* _Requirement_: From the records below, set down exactly the lines starting with the line that contains "0 10303 214" and going on through the line that contains "#26=DIRECTION('',(0.,0.,1.));". Nothing else is wanted.

┌────────

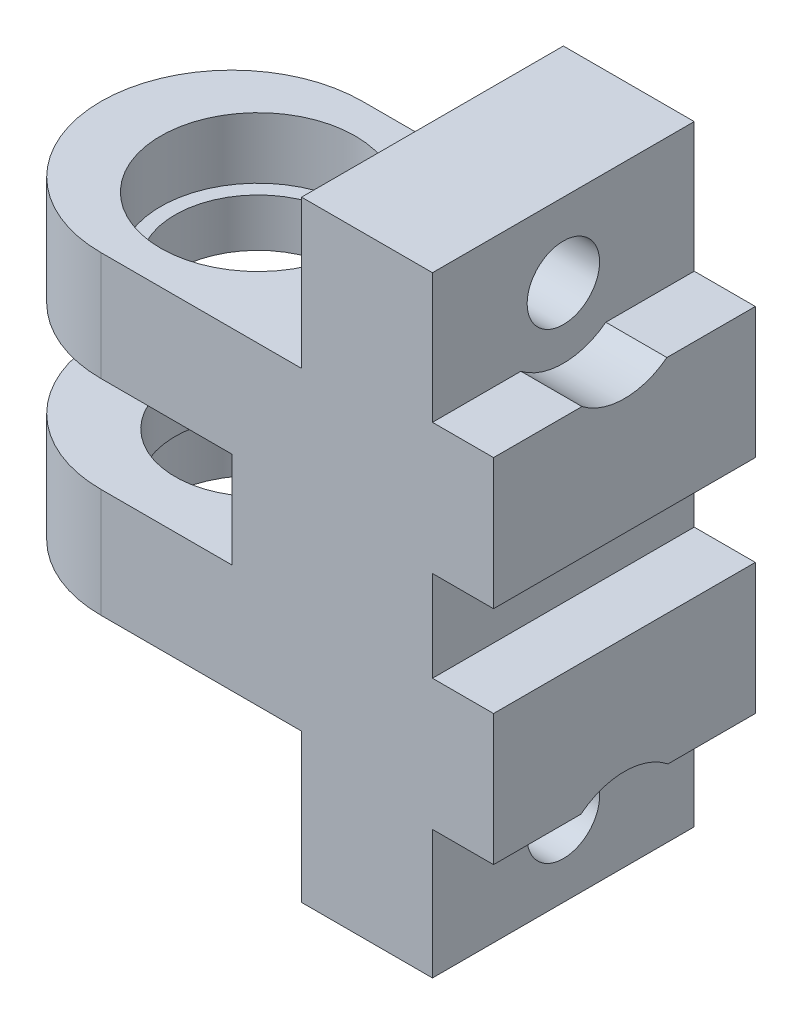
ISO-10303-21;
HEADER;
FILE_DESCRIPTION(('STEP AP214'),'2;1');
FILE_NAME('part.step','',(''),(''),'','','');
FILE_SCHEMA(('AUTOMOTIVE_DESIGN { 1 0 10303 214 1 1 1 1 }'));
ENDSEC;
DATA;
#1=APPLICATION_CONTEXT('core data for automotive mechanical design processes');
#2=APPLICATION_PROTOCOL_DEFINITION('international standard','automotive_design',2000,#1);
#3=PRODUCT_CONTEXT('',#1,'mechanical');
#4=PRODUCT('Part','Part','',(#3));
#5=PRODUCT_RELATED_PRODUCT_CATEGORY('part','',(#4));
#6=PRODUCT_DEFINITION_FORMATION('','',#4);
#7=PRODUCT_DEFINITION_CONTEXT('part definition',#1,'design');
#8=PRODUCT_DEFINITION('design','',#6,#7);
#9=PRODUCT_DEFINITION_SHAPE('','',#8);
#10=(LENGTH_UNIT() NAMED_UNIT(*) SI_UNIT(.MILLI.,.METRE.));
#11=(NAMED_UNIT(*) PLANE_ANGLE_UNIT() SI_UNIT($,.RADIAN.));
#12=(NAMED_UNIT(*) SI_UNIT($,.STERADIAN.) SOLID_ANGLE_UNIT());
#13=UNCERTAINTY_MEASURE_WITH_UNIT(LENGTH_MEASURE(1.E-05),#10,'distance_accuracy_value','');
#14=(GEOMETRIC_REPRESENTATION_CONTEXT(3) GLOBAL_UNCERTAINTY_ASSIGNED_CONTEXT((#13)) GLOBAL_UNIT_ASSIGNED_CONTEXT((#10,
#11,#12)) REPRESENTATION_CONTEXT('',''));
#15=CARTESIAN_POINT('',(0.,0.,0.));
#16=DIRECTION('',(0.,0.,1.));
#17=DIRECTION('',(1.,0.,0.));
#18=AXIS2_PLACEMENT_3D('',#15,#16,#17);
#19=CARTESIAN_POINT('',(0.,36.,0.));
#20=DIRECTION('',(0.,1.,0.));
#21=DIRECTION('',(0.,0.,1.));
#22=AXIS2_PLACEMENT_3D('',#19,#20,#21);
#23=PLANE('',#22);
#24=CARTESIAN_POINT('',(-3.5,36.,0.));
#25=DIRECTION('',(0.,1.,0.));
#26=DIRECTION('',(0.,0.,1.));
#27=AXIS2_PLACEMENT_3D('',#24,#25,#26);
#28=CIRCLE('',#27,11.15);
#29=CARTESIAN_POINT('',(-3.5,36.,11.15));
#30=VERTEX_POINT('',#29);
#31=EDGE_CURVE('E371',#30,#30,#28,.T.);
#32=ORIENTED_EDGE('',*,*,#31,.F.);
#33=EDGE_LOOP('',(#32));
#34=FACE_BOUND('',#33,.T.);
#35=DIRECTION('',(1.,0.,0.));
#36=VECTOR('',#35,1.);
#37=CARTESIAN_POINT('',(21.5,36.,15.));
#38=LINE('',#37,#36);
#39=CARTESIAN_POINT('',(-6.5,36.,15.));
#40=VERTEX_POINT('',#39);
#41=CARTESIAN_POINT('',(16.5,36.,15.));
#42=VERTEX_POINT('',#41);
#43=EDGE_CURVE('E401',#40,#42,#38,.T.);
#44=ORIENTED_EDGE('',*,*,#43,.T.);
#45=DIRECTION('',(0.,0.,1.));
#46=VECTOR('',#45,1.);
#47=CARTESIAN_POINT('',(16.5,36.,-15.));
#48=LINE('',#47,#46);
#49=CARTESIAN_POINT('',(16.5,36.,-15.));
#50=VERTEX_POINT('',#49);
#51=EDGE_CURVE('E238',#50,#42,#48,.T.);
#52=ORIENTED_EDGE('',*,*,#51,.F.);
#53=DIRECTION('',(-1.,0.,0.));
#54=VECTOR('',#53,1.);
#55=CARTESIAN_POINT('',(21.5,36.,-15.));
#56=LINE('',#55,#54);
#57=CARTESIAN_POINT('',(-6.5,36.,-15.));
#58=VERTEX_POINT('',#57);
#59=EDGE_CURVE('E403',#50,#58,#56,.T.);
#60=ORIENTED_EDGE('',*,*,#59,.T.);
#61=CARTESIAN_POINT('',(-6.5,36.,0.));
#62=DIRECTION('',(0.,1.,0.));
#63=DIRECTION('',(0.,0.,1.));
#64=AXIS2_PLACEMENT_3D('',#61,#62,#63);
#65=CIRCLE('',#64,15.);
#66=CARTESIAN_POINT('',(-21.5,36.,0.));
#67=VERTEX_POINT('',#66);
#68=EDGE_CURVE('E45',#58,#67,#65,.T.);
#69=ORIENTED_EDGE('',*,*,#68,.T.);
#70=CARTESIAN_POINT('',(-6.5,36.,0.));
#71=DIRECTION('',(0.,1.,0.));
#72=DIRECTION('',(0.,0.,1.));
#73=AXIS2_PLACEMENT_3D('',#70,#71,#72);
#74=CIRCLE('',#73,15.);
#75=EDGE_CURVE('E11',#67,#40,#74,.T.);
#76=ORIENTED_EDGE('',*,*,#75,.T.);
#77=EDGE_LOOP('',(#44,#52,#60,#69,#76));
#78=FACE_BOUND('',#77,.T.);
#79=ADVANCED_FACE('F36',(#34,#78),#23,.T.);
#80=CARTESIAN_POINT('',(38.5,38.15,15.));
#81=DIRECTION('',(0.,-1.,0.));
#82=DIRECTION('',(0.,0.,-1.));
#83=AXIS2_PLACEMENT_3D('',#80,#81,#82);
#84=PLANE('',#83);
#85=DIRECTION('',(-1.,0.,0.));
#86=VECTOR('',#85,1.);
#87=CARTESIAN_POINT('',(38.5,38.15,4.86595314404075));
#88=LINE('',#87,#86);
#89=CARTESIAN_POINT('',(31.5,38.15,4.86595314404075));
#90=VERTEX_POINT('',#89);
#91=CARTESIAN_POINT('',(38.5,38.15,4.86595314404075));
#92=VERTEX_POINT('',#91);
#93=EDGE_CURVE('E53',#90,#92,#88,.F.);
#94=ORIENTED_EDGE('',*,*,#93,.F.);
#95=DIRECTION('',(0.,0.,1.));
#96=VECTOR('',#95,1.);
#97=CARTESIAN_POINT('',(31.5,38.15,15.));
#98=LINE('',#97,#96);
#99=CARTESIAN_POINT('',(31.5,38.15,15.));
#100=VERTEX_POINT('',#99);
#101=EDGE_CURVE('E311',#90,#100,#98,.T.);
#102=ORIENTED_EDGE('',*,*,#101,.T.);
#103=DIRECTION('',(-1.,0.,0.));
#104=VECTOR('',#103,1.);
#105=CARTESIAN_POINT('',(38.5,38.15,15.));
#106=LINE('',#105,#104);
#107=CARTESIAN_POINT('',(38.5,38.15,15.));
#108=VERTEX_POINT('',#107);
#109=EDGE_CURVE('E335',#108,#100,#106,.T.);
#110=ORIENTED_EDGE('',*,*,#109,.F.);
#111=DIRECTION('',(0.,0.,1.));
#112=VECTOR('',#111,1.);
#113=CARTESIAN_POINT('',(38.5,38.15,15.));
#114=LINE('',#113,#112);
#115=EDGE_CURVE('E315',#92,#108,#114,.T.);
#116=ORIENTED_EDGE('',*,*,#115,.F.);
#117=EDGE_LOOP('',(#94,#102,#110,#116));
#118=FACE_BOUND('',#117,.T.);
#119=ADVANCED_FACE('F525',(#118),#84,.F.);
#120=DIRECTION('',(-1.,0.,0.));
#121=VECTOR('',#120,1.);
#122=CARTESIAN_POINT('',(38.5,38.15,-4.86595314404075));
#123=LINE('',#122,#121);
#124=CARTESIAN_POINT('',(38.5,38.15,-4.86595314404075));
#125=VERTEX_POINT('',#124);
#126=CARTESIAN_POINT('',(31.5,38.15,-4.86595314404075));
#127=VERTEX_POINT('',#126);
#128=EDGE_CURVE('E262',#125,#127,#123,.T.);
#129=ORIENTED_EDGE('',*,*,#128,.F.);
#130=CARTESIAN_POINT('',(38.5,38.15,-15.));
#131=VERTEX_POINT('',#130);
#132=EDGE_CURVE('E317',#131,#125,#114,.T.);
#133=ORIENTED_EDGE('',*,*,#132,.F.);
#134=DIRECTION('',(-1.,0.,0.));
#135=VECTOR('',#134,1.);
#136=CARTESIAN_POINT('',(38.5,38.15,-15.));
#137=LINE('',#136,#135);
#138=CARTESIAN_POINT('',(31.5,38.15,-15.));
#139=VERTEX_POINT('',#138);
#140=EDGE_CURVE('E337',#131,#139,#137,.T.);
#141=ORIENTED_EDGE('',*,*,#140,.T.);
#142=EDGE_CURVE('E325',#139,#127,#98,.T.);
#143=ORIENTED_EDGE('',*,*,#142,.T.);
#144=EDGE_LOOP('',(#129,#133,#141,#143));
#145=FACE_BOUND('',#144,.T.);
#146=ADVANCED_FACE('F469',(#145),#84,.F.);
#147=CARTESIAN_POINT('',(38.5,-2.25,15.));
#148=DIRECTION('',(0.,1.,0.));
#149=DIRECTION('',(0.,0.,1.));
#150=AXIS2_PLACEMENT_3D('',#147,#148,#149);
#151=PLANE('',#150);
#152=DIRECTION('',(-1.,0.,0.));
#153=VECTOR('',#152,1.);
#154=CARTESIAN_POINT('',(38.5,-2.25,-4.99374608885954));
#155=LINE('',#154,#153);
#156=CARTESIAN_POINT('',(31.5,-2.25,-4.99374608885954));
#157=VERTEX_POINT('',#156);
#158=CARTESIAN_POINT('',(38.5,-2.25,-4.99374608885954));
#159=VERTEX_POINT('',#158);
#160=EDGE_CURVE('E61',#157,#159,#155,.F.);
#161=ORIENTED_EDGE('',*,*,#160,.F.);
#162=DIRECTION('',(0.,0.,-1.));
#163=VECTOR('',#162,1.);
#164=CARTESIAN_POINT('',(31.5,-2.25,15.));
#165=LINE('',#164,#163);
#166=CARTESIAN_POINT('',(31.5,-2.25,-15.));
#167=VERTEX_POINT('',#166);
#168=EDGE_CURVE('E297',#157,#167,#165,.T.);
#169=ORIENTED_EDGE('',*,*,#168,.T.);
#170=DIRECTION('',(-1.,0.,0.));
#171=VECTOR('',#170,1.);
#172=CARTESIAN_POINT('',(38.5,-2.25,-15.));
#173=LINE('',#172,#171);
#174=CARTESIAN_POINT('',(38.5,-2.25,-15.));
#175=VERTEX_POINT('',#174);
#176=EDGE_CURVE('E294',#175,#167,#173,.T.);
#177=ORIENTED_EDGE('',*,*,#176,.F.);
#178=DIRECTION('',(0.,0.,-1.));
#179=VECTOR('',#178,1.);
#180=CARTESIAN_POINT('',(38.5,-2.25,15.));
#181=LINE('',#180,#179);
#182=EDGE_CURVE('E290',#159,#175,#181,.T.);
#183=ORIENTED_EDGE('',*,*,#182,.F.);
#184=EDGE_LOOP('',(#161,#169,#177,#183));
#185=FACE_BOUND('',#184,.T.);
#186=ADVANCED_FACE('F503',(#185),#151,.F.);
#187=DIRECTION('',(-1.,0.,0.));
#188=VECTOR('',#187,1.);
#189=CARTESIAN_POINT('',(38.5,-2.25,4.99374608885954));
#190=LINE('',#189,#188);
#191=CARTESIAN_POINT('',(38.5,-2.25,4.99374608885954));
#192=VERTEX_POINT('',#191);
#193=CARTESIAN_POINT('',(31.5,-2.25,4.99374608885954));
#194=VERTEX_POINT('',#193);
#195=EDGE_CURVE('E270',#192,#194,#190,.T.);
#196=ORIENTED_EDGE('',*,*,#195,.F.);
#197=CARTESIAN_POINT('',(38.5,-2.25,15.));
#198=VERTEX_POINT('',#197);
#199=EDGE_CURVE('E291',#198,#192,#181,.T.);
#200=ORIENTED_EDGE('',*,*,#199,.F.);
#201=DIRECTION('',(-1.,0.,0.));
#202=VECTOR('',#201,1.);
#203=CARTESIAN_POINT('',(38.5,-2.25,15.));
#204=LINE('',#203,#202);
#205=CARTESIAN_POINT('',(31.5,-2.25,15.));
#206=VERTEX_POINT('',#205);
#207=EDGE_CURVE('E302',#198,#206,#204,.T.);
#208=ORIENTED_EDGE('',*,*,#207,.T.);
#209=EDGE_CURVE('E286',#206,#194,#165,.T.);
#210=ORIENTED_EDGE('',*,*,#209,.T.);
#211=EDGE_LOOP('',(#196,#200,#208,#210));
#212=FACE_BOUND('',#211,.T.);
#213=ADVANCED_FACE('F511',(#212),#151,.F.);
#214=CARTESIAN_POINT('',(31.5,0.,0.));
#215=DIRECTION('',(1.,0.,0.));
#216=DIRECTION('',(0.,0.,-1.));
#217=AXIS2_PLACEMENT_3D('',#214,#215,#216);
#218=PLANE('',#217);
#219=DIRECTION('',(0.,-1.,0.));
#220=VECTOR('',#219,1.);
#221=CARTESIAN_POINT('',(31.5,53.,15.));
#222=LINE('',#221,#220);
#223=CARTESIAN_POINT('',(31.5,23.15,15.));
#224=VERTEX_POINT('',#223);
#225=CARTESIAN_POINT('',(31.5,12.75,15.));
#226=VERTEX_POINT('',#225);
#227=EDGE_CURVE('E350',#224,#226,#222,.T.);
#228=ORIENTED_EDGE('',*,*,#227,.T.);
#229=DIRECTION('',(0.,0.,1.));
#230=VECTOR('',#229,1.);
#231=CARTESIAN_POINT('',(31.5,12.75,15.));
#232=LINE('',#231,#230);
#233=CARTESIAN_POINT('',(31.5,12.75,-15.));
#234=VERTEX_POINT('',#233);
#235=EDGE_CURVE('E281',#234,#226,#232,.T.);
#236=ORIENTED_EDGE('',*,*,#235,.F.);
#237=DIRECTION('',(0.,1.,0.));
#238=VECTOR('',#237,1.);
#239=CARTESIAN_POINT('',(31.5,53.,-15.));
#240=LINE('',#239,#238);
#241=CARTESIAN_POINT('',(31.5,23.15,-15.));
#242=VERTEX_POINT('',#241);
#243=EDGE_CURVE('E345',#234,#242,#240,.T.);
#244=ORIENTED_EDGE('',*,*,#243,.T.);
#245=DIRECTION('',(0.,0.,-1.));
#246=VECTOR('',#245,1.);
#247=CARTESIAN_POINT('',(31.5,23.15,15.));
#248=LINE('',#247,#246);
#249=EDGE_CURVE('E316',#224,#242,#248,.T.);
#250=ORIENTED_EDGE('',*,*,#249,.F.);
#251=EDGE_LOOP('',(#228,#236,#244,#250));
#252=FACE_BOUND('',#251,.T.);
#253=ADVANCED_FACE('F481',(#252),#218,.T.);
#254=ORIENTED_EDGE('',*,*,#168,.F.);
#255=CARTESIAN_POINT('',(31.5,-8.5,0.));
#256=DIRECTION('',(1.,0.,0.));
#257=DIRECTION('',(0.,0.,-1.));
#258=AXIS2_PLACEMENT_3D('',#255,#256,#257);
#259=CIRCLE('',#258,8.);
#260=EDGE_CURVE('E267',#157,#194,#259,.T.);
#261=ORIENTED_EDGE('',*,*,#260,.T.);
#262=ORIENTED_EDGE('',*,*,#209,.F.);
#263=CARTESIAN_POINT('',(31.5,-17.,15.));
#264=VERTEX_POINT('',#263);
#265=EDGE_CURVE('E347',#206,#264,#222,.T.);
#266=ORIENTED_EDGE('',*,*,#265,.T.);
#267=DIRECTION('',(0.,0.,-1.));
#268=VECTOR('',#267,1.);
#269=CARTESIAN_POINT('',(31.5,-17.,15.));
#270=LINE('',#269,#268);
#271=CARTESIAN_POINT('',(31.5,-17.,-15.));
#272=VERTEX_POINT('',#271);
#273=EDGE_CURVE('E349',#264,#272,#270,.T.);
#274=ORIENTED_EDGE('',*,*,#273,.T.);
#275=EDGE_CURVE('E341',#272,#167,#240,.T.);
#276=ORIENTED_EDGE('',*,*,#275,.T.);
#277=EDGE_LOOP('',(#254,#261,#262,#266,#274,#276));
#278=FACE_BOUND('',#277,.T.);
#279=CARTESIAN_POINT('',(31.5,-8.5,0.));
#280=DIRECTION('',(1.,0.,0.));
#281=DIRECTION('',(0.,0.,-1.));
#282=AXIS2_PLACEMENT_3D('',#279,#280,#281);
#283=CIRCLE('',#282,4.15);
#284=CARTESIAN_POINT('',(31.5,-8.5,-4.15));
#285=VERTEX_POINT('',#284);
#286=EDGE_CURVE('E278',#285,#285,#283,.T.);
#287=ORIENTED_EDGE('',*,*,#286,.F.);
#288=EDGE_LOOP('',(#287));
#289=FACE_BOUND('',#288,.T.);
#290=ADVANCED_FACE('F489',(#278,#289),#218,.T.);
#291=CARTESIAN_POINT('',(21.5,36.,15.));
#292=DIRECTION('',(0.,0.,-1.));
#293=DIRECTION('',(-1.,0.,0.));
#294=AXIS2_PLACEMENT_3D('',#291,#292,#293);
#295=PLANE('',#294);
#296=DIRECTION('',(-1.,0.,0.));
#297=VECTOR('',#296,1.);
#298=CARTESIAN_POINT('',(8.5,12.5,15.));
#299=LINE('',#298,#297);
#300=CARTESIAN_POINT('',(8.5,12.5,15.));
#301=VERTEX_POINT('',#300);
#302=CARTESIAN_POINT('',(-6.5,12.5,15.));
#303=VERTEX_POINT('',#302);
#304=EDGE_CURVE('E397',#301,#303,#299,.T.);
#305=ORIENTED_EDGE('',*,*,#304,.T.);
#306=DIRECTION('',(0.,-1.,0.));
#307=VECTOR('',#306,1.);
#308=CARTESIAN_POINT('',(-6.5,36.,15.));
#309=LINE('',#308,#307);
#310=CARTESIAN_POINT('',(-6.5,0.,15.));
#311=VERTEX_POINT('',#310);
#312=EDGE_CURVE('E429',#303,#311,#309,.T.);
#313=ORIENTED_EDGE('',*,*,#312,.T.);
#314=DIRECTION('',(1.,0.,0.));
#315=VECTOR('',#314,1.);
#316=CARTESIAN_POINT('',(21.5,0.,15.));
#317=LINE('',#316,#315);
#318=CARTESIAN_POINT('',(16.5,0.,15.));
#319=VERTEX_POINT('',#318);
#320=EDGE_CURVE('E393',#311,#319,#317,.T.);
#321=ORIENTED_EDGE('',*,*,#320,.T.);
#322=DIRECTION('',(0.,1.,0.));
#323=VECTOR('',#322,1.);
#324=CARTESIAN_POINT('',(16.5,0.,15.));
#325=LINE('',#324,#323);
#326=CARTESIAN_POINT('',(16.5,-17.,15.));
#327=VERTEX_POINT('',#326);
#328=EDGE_CURVE('E249',#327,#319,#325,.T.);
#329=ORIENTED_EDGE('',*,*,#328,.F.);
#330=DIRECTION('',(-1.,0.,0.));
#331=VECTOR('',#330,1.);
#332=CARTESIAN_POINT('',(31.5,-17.,15.));
#333=LINE('',#332,#331);
#334=EDGE_CURVE('E225',#264,#327,#333,.T.);
#335=ORIENTED_EDGE('',*,*,#334,.F.);
#336=ORIENTED_EDGE('',*,*,#265,.F.);
#337=ORIENTED_EDGE('',*,*,#207,.F.);
#338=DIRECTION('',(0.,-1.,0.));
#339=VECTOR('',#338,1.);
#340=CARTESIAN_POINT('',(38.5,12.75,15.));
#341=LINE('',#340,#339);
#342=CARTESIAN_POINT('',(38.5,12.75,15.));
#343=VERTEX_POINT('',#342);
#344=EDGE_CURVE('E288',#343,#198,#341,.T.);
#345=ORIENTED_EDGE('',*,*,#344,.F.);
#346=DIRECTION('',(-1.,0.,0.));
#347=VECTOR('',#346,1.);
#348=CARTESIAN_POINT('',(38.5,12.75,15.));
#349=LINE('',#348,#347);
#350=EDGE_CURVE('E305',#343,#226,#349,.T.);
#351=ORIENTED_EDGE('',*,*,#350,.T.);
#352=ORIENTED_EDGE('',*,*,#227,.F.);
#353=DIRECTION('',(-1.,0.,0.));
#354=VECTOR('',#353,1.);
#355=CARTESIAN_POINT('',(38.5,23.15,15.));
#356=LINE('',#355,#354);
#357=CARTESIAN_POINT('',(38.5,23.15,15.));
#358=VERTEX_POINT('',#357);
#359=EDGE_CURVE('E332',#358,#224,#356,.T.);
#360=ORIENTED_EDGE('',*,*,#359,.F.);
#361=DIRECTION('',(0.,-1.,0.));
#362=VECTOR('',#361,1.);
#363=CARTESIAN_POINT('',(38.5,23.15,15.));
#364=LINE('',#363,#362);
#365=EDGE_CURVE('E320',#108,#358,#364,.T.);
#366=ORIENTED_EDGE('',*,*,#365,.F.);
#367=ORIENTED_EDGE('',*,*,#109,.T.);
#368=CARTESIAN_POINT('',(31.5,53.,15.));
#369=VERTEX_POINT('',#368);
#370=EDGE_CURVE('E221',#369,#100,#222,.T.);
#371=ORIENTED_EDGE('',*,*,#370,.F.);
#372=DIRECTION('',(-1.,0.,0.));
#373=VECTOR('',#372,1.);
#374=CARTESIAN_POINT('',(31.5,53.,15.));
#375=LINE('',#374,#373);
#376=CARTESIAN_POINT('',(16.5,53.,15.));
#377=VERTEX_POINT('',#376);
#378=EDGE_CURVE('E211',#369,#377,#375,.T.);
#379=ORIENTED_EDGE('',*,*,#378,.T.);
#380=DIRECTION('',(0.,1.,0.));
#381=VECTOR('',#380,1.);
#382=CARTESIAN_POINT('',(16.5,36.,15.));
#383=LINE('',#382,#381);
#384=EDGE_CURVE('E217',#42,#377,#383,.T.);
#385=ORIENTED_EDGE('',*,*,#384,.F.);
#386=ORIENTED_EDGE('',*,*,#43,.F.);
#387=DIRECTION('',(0.,-1.,0.));
#388=VECTOR('',#387,1.);
#389=CARTESIAN_POINT('',(-6.5,36.,15.));
#390=LINE('',#389,#388);
#391=CARTESIAN_POINT('',(-6.5,23.5,15.));
#392=VERTEX_POINT('',#391);
#393=EDGE_CURVE('E426',#40,#392,#390,.T.);
#394=ORIENTED_EDGE('',*,*,#393,.T.);
#395=DIRECTION('',(-1.,0.,0.));
#396=VECTOR('',#395,1.);
#397=CARTESIAN_POINT('',(8.5,23.5,15.));
#398=LINE('',#397,#396);
#399=CARTESIAN_POINT('',(8.5,23.5,15.));
#400=VERTEX_POINT('',#399);
#401=EDGE_CURVE('E394',#400,#392,#398,.T.);
#402=ORIENTED_EDGE('',*,*,#401,.F.);
#403=DIRECTION('',(0.,1.,0.));
#404=VECTOR('',#403,1.);
#405=CARTESIAN_POINT('',(8.5,12.5,15.));
#406=LINE('',#405,#404);
#407=EDGE_CURVE('E385',#301,#400,#406,.T.);
#408=ORIENTED_EDGE('',*,*,#407,.F.);
#409=EDGE_LOOP('',(#305,#313,#321,#329,#335,#336,#337,#345,#351,#352,#360,#366,#367,#371,#379,
#385,#386,#394,#402,#408));
#410=FACE_BOUND('',#409,.T.);
#411=ADVANCED_FACE('F214',(#410),#295,.F.);
#412=CARTESIAN_POINT('',(21.5,36.,-15.));
#413=DIRECTION('',(0.,0.,1.));
#414=DIRECTION('',(1.,0.,0.));
#415=AXIS2_PLACEMENT_3D('',#412,#413,#414);
#416=PLANE('',#415);
#417=ORIENTED_EDGE('',*,*,#59,.F.);
#418=DIRECTION('',(0.,-1.,0.));
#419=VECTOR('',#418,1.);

└────────

* _Expected output_:
FILE_SCHEMA(('AUTOMOTIVE_DESIGN { 1 0 10303 214 1 1 1 1 }'));
ENDSEC;
DATA;
#1=APPLICATION_CONTEXT('core data for automotive mechanical design processes');
#2=APPLICATION_PROTOCOL_DEFINITION('international standard','automotive_design',2000,#1);
#3=PRODUCT_CONTEXT('',#1,'mechanical');
#4=PRODUCT('Part','Part','',(#3));
#5=PRODUCT_RELATED_PRODUCT_CATEGORY('part','',(#4));
#6=PRODUCT_DEFINITION_FORMATION('','',#4);
#7=PRODUCT_DEFINITION_CONTEXT('part definition',#1,'design');
#8=PRODUCT_DEFINITION('design','',#6,#7);
#9=PRODUCT_DEFINITION_SHAPE('','',#8);
#10=(LENGTH_UNIT() NAMED_UNIT(*) SI_UNIT(.MILLI.,.METRE.));
#11=(NAMED_UNIT(*) PLANE_ANGLE_UNIT() SI_UNIT($,.RADIAN.));
#12=(NAMED_UNIT(*) SI_UNIT($,.STERADIAN.) SOLID_ANGLE_UNIT());
#13=UNCERTAINTY_MEASURE_WITH_UNIT(LENGTH_MEASURE(1.E-05),#10,'distance_accuracy_value','');
#14=(GEOMETRIC_REPRESENTATION_CONTEXT(3) GLOBAL_UNCERTAINTY_ASSIGNED_CONTEXT((#13)) GLOBAL_UNIT_ASSIGNED_CONTEXT((#10,
#11,#12)) REPRESENTATION_CONTEXT('',''));
#15=CARTESIAN_POINT('',(0.,0.,0.));
#16=DIRECTION('',(0.,0.,1.));
#17=DIRECTION('',(1.,0.,0.));
#18=AXIS2_PLACEMENT_3D('',#15,#16,#17);
#19=CARTESIAN_POINT('',(0.,36.,0.));
#20=DIRECTION('',(0.,1.,0.));
#21=DIRECTION('',(0.,0.,1.));
#22=AXIS2_PLACEMENT_3D('',#19,#20,#21);
#23=PLANE('',#22);
#24=CARTESIAN_POINT('',(-3.5,36.,0.));
#25=DIRECTION('',(0.,1.,0.));
#26=DIRECTION('',(0.,0.,1.));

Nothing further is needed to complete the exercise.